What is required » Return exactly the lines below, starting with the one that has "#224=CARTESIAN_POINT('',(-13.,-19.,39.5082742316785));" and going on through the one that has "#250=EDGE_LOOP('',(#241,#242,#248,#249));".

Task data »
—————
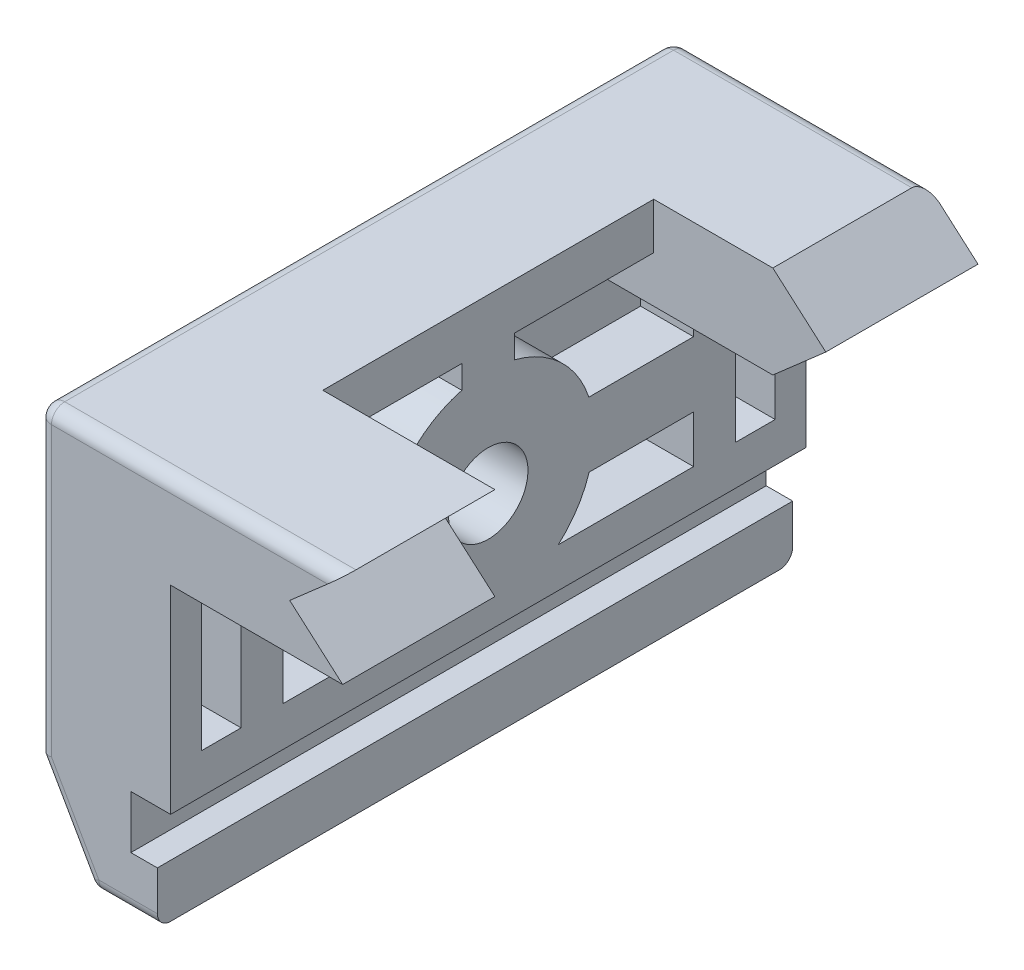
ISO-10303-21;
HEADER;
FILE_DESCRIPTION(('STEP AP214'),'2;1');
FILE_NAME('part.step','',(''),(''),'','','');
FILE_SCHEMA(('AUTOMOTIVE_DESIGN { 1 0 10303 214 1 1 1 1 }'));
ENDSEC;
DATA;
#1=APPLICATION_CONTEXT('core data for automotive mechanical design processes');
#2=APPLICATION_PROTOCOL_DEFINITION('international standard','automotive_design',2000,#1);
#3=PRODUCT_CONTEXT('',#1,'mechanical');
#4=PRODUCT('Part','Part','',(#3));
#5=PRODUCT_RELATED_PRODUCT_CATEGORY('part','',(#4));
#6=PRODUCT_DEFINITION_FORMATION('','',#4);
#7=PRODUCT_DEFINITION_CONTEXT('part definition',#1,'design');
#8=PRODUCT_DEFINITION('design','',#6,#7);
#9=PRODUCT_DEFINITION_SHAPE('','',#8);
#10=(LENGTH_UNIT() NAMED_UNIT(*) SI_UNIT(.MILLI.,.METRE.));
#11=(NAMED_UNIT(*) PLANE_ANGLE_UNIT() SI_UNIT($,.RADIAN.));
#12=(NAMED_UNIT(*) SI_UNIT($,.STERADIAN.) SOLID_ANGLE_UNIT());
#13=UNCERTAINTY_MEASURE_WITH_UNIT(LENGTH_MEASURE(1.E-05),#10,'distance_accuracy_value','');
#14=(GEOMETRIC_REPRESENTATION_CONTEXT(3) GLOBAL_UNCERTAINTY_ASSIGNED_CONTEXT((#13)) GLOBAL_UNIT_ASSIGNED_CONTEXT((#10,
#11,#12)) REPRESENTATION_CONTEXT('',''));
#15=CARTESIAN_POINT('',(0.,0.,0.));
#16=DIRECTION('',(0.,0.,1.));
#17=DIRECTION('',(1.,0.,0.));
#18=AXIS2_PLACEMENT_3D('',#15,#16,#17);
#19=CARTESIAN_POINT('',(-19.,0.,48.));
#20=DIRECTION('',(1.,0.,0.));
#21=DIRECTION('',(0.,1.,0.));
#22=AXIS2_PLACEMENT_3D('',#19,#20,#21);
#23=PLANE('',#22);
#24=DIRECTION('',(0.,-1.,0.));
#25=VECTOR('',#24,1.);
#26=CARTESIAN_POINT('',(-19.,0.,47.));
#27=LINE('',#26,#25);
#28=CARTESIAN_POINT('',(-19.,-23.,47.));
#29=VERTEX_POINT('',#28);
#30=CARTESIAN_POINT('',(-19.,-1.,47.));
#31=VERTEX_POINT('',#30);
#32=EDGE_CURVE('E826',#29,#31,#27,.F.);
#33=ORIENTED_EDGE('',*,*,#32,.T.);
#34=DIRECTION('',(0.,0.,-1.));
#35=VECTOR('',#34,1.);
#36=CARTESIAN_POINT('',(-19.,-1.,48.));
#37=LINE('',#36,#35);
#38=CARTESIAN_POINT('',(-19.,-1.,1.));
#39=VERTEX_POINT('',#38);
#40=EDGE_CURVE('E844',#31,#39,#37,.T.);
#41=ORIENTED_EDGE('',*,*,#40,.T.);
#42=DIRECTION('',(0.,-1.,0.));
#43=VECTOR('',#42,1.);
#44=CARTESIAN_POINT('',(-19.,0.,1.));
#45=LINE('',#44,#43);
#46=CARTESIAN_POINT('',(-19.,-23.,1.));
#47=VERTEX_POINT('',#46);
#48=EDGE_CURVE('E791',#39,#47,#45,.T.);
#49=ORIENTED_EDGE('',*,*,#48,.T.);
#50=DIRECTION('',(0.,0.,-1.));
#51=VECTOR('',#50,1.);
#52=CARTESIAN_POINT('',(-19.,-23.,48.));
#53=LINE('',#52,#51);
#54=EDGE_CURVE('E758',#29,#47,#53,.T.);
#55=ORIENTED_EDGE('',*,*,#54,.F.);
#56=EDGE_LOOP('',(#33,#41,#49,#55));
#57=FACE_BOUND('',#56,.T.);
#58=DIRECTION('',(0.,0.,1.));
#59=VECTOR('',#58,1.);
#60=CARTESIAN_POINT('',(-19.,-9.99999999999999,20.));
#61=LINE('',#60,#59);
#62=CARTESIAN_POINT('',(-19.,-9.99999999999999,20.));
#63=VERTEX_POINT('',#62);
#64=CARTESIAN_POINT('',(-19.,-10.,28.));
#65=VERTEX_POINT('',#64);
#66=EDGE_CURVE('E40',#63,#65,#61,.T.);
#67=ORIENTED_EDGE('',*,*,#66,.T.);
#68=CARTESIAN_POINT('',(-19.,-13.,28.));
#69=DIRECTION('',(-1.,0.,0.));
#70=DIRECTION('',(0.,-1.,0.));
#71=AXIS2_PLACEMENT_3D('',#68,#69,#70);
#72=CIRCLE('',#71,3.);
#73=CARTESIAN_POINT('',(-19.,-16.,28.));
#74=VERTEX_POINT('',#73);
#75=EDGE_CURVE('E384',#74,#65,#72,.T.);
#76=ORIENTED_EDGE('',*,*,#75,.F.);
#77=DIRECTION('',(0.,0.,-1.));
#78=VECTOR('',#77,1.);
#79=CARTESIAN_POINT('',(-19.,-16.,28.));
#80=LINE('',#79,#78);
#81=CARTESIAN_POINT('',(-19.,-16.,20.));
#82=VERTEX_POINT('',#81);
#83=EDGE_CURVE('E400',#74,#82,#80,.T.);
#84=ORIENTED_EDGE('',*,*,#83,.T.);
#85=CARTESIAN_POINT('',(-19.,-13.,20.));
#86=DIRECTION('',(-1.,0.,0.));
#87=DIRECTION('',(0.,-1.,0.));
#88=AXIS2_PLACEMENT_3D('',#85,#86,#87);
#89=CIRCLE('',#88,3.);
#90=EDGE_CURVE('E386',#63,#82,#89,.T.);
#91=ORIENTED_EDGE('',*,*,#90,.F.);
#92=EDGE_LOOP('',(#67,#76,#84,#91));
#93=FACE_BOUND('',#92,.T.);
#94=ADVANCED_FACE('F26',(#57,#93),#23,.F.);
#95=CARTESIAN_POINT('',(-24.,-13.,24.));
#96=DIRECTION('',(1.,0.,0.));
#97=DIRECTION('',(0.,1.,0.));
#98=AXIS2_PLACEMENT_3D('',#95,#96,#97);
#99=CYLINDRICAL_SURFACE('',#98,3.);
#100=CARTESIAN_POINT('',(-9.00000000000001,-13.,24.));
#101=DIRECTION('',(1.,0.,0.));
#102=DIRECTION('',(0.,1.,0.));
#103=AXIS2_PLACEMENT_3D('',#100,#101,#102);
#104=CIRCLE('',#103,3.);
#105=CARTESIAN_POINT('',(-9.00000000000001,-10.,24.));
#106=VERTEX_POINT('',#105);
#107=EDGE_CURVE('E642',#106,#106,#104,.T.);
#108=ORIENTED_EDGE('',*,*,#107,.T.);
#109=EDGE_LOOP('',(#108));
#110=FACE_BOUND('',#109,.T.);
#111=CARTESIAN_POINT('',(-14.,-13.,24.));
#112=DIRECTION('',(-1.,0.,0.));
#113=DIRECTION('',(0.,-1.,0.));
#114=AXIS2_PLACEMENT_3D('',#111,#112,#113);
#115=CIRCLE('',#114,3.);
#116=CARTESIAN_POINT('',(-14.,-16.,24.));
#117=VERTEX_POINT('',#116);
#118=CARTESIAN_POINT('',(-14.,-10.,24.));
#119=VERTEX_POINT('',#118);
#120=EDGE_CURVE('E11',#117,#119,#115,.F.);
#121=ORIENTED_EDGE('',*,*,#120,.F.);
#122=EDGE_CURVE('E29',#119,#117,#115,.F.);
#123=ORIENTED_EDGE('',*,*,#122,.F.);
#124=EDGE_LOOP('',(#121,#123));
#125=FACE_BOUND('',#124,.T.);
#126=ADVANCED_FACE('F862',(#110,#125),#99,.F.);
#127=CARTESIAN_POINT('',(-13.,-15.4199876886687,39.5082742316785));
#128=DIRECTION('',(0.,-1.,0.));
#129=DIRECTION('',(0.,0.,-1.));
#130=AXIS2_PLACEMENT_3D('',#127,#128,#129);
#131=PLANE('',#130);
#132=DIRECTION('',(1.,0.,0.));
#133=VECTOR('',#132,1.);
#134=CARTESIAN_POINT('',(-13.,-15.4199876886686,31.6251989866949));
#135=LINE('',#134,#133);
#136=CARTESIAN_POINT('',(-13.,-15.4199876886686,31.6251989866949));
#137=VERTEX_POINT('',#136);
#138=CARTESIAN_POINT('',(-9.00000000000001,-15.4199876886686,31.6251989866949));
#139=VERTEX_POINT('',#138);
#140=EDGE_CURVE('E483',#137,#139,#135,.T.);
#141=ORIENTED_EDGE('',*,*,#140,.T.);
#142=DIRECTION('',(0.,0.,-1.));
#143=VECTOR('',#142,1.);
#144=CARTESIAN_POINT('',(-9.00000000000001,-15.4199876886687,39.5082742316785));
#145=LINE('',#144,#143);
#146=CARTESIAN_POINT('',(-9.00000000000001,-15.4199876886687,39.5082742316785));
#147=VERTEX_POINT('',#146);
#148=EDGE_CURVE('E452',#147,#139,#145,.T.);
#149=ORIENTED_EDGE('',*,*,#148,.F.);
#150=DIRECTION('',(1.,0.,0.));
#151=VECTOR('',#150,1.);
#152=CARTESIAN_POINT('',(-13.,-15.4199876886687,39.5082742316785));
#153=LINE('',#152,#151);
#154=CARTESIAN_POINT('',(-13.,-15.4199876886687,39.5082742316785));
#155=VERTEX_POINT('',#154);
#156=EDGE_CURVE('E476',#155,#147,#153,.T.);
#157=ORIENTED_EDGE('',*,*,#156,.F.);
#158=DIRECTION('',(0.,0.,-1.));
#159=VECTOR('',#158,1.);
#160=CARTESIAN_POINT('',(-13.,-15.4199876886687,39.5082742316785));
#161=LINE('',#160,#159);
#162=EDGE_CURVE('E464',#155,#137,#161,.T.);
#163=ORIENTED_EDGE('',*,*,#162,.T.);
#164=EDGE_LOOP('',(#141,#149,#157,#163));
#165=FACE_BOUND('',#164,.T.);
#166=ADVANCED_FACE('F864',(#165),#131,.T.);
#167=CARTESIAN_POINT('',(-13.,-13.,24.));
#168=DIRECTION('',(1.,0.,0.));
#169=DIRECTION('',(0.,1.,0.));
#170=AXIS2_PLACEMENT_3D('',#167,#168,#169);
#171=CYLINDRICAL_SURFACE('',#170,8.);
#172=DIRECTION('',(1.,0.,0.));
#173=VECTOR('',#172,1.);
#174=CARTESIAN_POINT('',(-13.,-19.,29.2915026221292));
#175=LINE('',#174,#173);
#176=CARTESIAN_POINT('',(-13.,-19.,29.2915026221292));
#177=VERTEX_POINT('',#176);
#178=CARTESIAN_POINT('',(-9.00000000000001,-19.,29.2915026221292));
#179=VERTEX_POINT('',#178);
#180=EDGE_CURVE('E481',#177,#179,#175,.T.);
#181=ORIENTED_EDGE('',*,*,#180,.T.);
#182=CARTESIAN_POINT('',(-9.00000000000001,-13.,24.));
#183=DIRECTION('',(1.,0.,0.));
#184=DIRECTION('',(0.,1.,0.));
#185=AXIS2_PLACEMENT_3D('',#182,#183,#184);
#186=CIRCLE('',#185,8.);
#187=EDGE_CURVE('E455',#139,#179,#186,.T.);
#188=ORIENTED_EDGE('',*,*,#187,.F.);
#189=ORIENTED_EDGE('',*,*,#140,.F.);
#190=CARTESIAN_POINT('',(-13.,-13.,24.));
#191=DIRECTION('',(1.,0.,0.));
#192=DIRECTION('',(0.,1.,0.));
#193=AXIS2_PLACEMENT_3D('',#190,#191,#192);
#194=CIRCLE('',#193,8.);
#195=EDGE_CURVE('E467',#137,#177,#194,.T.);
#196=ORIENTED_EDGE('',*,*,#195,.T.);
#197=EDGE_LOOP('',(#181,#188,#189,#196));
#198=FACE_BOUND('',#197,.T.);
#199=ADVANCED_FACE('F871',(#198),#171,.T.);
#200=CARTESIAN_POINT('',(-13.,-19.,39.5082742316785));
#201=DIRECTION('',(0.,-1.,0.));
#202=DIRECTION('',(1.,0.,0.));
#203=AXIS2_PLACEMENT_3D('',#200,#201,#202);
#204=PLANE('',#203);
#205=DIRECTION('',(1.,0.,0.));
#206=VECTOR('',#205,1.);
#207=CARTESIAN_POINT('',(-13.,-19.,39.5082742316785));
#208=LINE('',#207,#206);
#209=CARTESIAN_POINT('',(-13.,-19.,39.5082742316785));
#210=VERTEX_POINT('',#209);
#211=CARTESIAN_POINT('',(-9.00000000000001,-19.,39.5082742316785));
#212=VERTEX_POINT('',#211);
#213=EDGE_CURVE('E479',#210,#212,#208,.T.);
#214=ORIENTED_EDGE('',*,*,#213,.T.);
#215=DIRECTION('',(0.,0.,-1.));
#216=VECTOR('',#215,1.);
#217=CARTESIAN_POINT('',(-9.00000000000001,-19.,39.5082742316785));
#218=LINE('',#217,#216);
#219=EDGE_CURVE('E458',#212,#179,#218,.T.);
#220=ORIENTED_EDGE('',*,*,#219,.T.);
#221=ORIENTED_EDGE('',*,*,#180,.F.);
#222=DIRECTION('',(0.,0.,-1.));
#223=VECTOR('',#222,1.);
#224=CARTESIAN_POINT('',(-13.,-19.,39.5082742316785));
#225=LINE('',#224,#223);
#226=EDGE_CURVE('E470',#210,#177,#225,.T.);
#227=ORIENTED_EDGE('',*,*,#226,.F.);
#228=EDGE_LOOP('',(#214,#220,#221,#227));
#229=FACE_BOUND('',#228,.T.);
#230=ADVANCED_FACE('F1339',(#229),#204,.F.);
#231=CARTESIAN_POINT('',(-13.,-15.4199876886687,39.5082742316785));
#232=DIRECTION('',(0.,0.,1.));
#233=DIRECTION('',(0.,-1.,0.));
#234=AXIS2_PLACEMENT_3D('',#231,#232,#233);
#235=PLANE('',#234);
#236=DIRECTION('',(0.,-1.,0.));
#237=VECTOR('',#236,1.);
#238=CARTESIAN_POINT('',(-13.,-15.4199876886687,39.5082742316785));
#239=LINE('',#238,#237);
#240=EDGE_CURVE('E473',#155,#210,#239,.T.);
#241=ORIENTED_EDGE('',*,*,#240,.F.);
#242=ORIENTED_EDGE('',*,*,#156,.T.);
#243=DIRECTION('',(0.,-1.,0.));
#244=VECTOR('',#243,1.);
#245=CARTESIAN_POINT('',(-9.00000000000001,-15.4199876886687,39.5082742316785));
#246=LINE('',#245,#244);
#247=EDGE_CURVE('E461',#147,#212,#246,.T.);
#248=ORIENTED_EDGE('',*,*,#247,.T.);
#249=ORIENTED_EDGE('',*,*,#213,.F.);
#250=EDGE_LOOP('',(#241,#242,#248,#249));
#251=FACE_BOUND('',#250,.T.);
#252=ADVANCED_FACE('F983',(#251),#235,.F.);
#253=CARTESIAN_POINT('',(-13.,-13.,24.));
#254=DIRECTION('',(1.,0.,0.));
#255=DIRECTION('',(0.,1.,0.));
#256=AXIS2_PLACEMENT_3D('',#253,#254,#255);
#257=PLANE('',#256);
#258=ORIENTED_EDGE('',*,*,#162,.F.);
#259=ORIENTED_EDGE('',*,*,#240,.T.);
—————
Result »
#224=CARTESIAN_POINT('',(-13.,-19.,39.5082742316785));
#225=LINE('',#224,#223);
#226=EDGE_CURVE('E470',#210,#177,#225,.T.);
#227=ORIENTED_EDGE('',*,*,#226,.F.);
#228=EDGE_LOOP('',(#214,#220,#221,#227));
#229=FACE_BOUND('',#228,.T.);
#230=ADVANCED_FACE('F1339',(#229),#204,.F.);
#231=CARTESIAN_POINT('',(-13.,-15.4199876886687,39.5082742316785));
#232=DIRECTION('',(0.,0.,1.));
#233=DIRECTION('',(0.,-1.,0.));
#234=AXIS2_PLACEMENT_3D('',#231,#232,#233);
#235=PLANE('',#234);
#236=DIRECTION('',(0.,-1.,0.));
#237=VECTOR('',#236,1.);
#238=CARTESIAN_POINT('',(-13.,-15.4199876886687,39.5082742316785));
#239=LINE('',#238,#237);
#240=EDGE_CURVE('E473',#155,#210,#239,.T.);
#241=ORIENTED_EDGE('',*,*,#240,.F.);
#242=ORIENTED_EDGE('',*,*,#156,.T.);
#243=DIRECTION('',(0.,-1.,0.));
#244=VECTOR('',#243,1.);
#245=CARTESIAN_POINT('',(-9.00000000000001,-15.4199876886687,39.5082742316785));
#246=LINE('',#245,#244);
#247=EDGE_CURVE('E461',#147,#212,#246,.T.);
#248=ORIENTED_EDGE('',*,*,#247,.T.);
#249=ORIENTED_EDGE('',*,*,#213,.F.);
#250=EDGE_LOOP('',(#241,#242,#248,#249));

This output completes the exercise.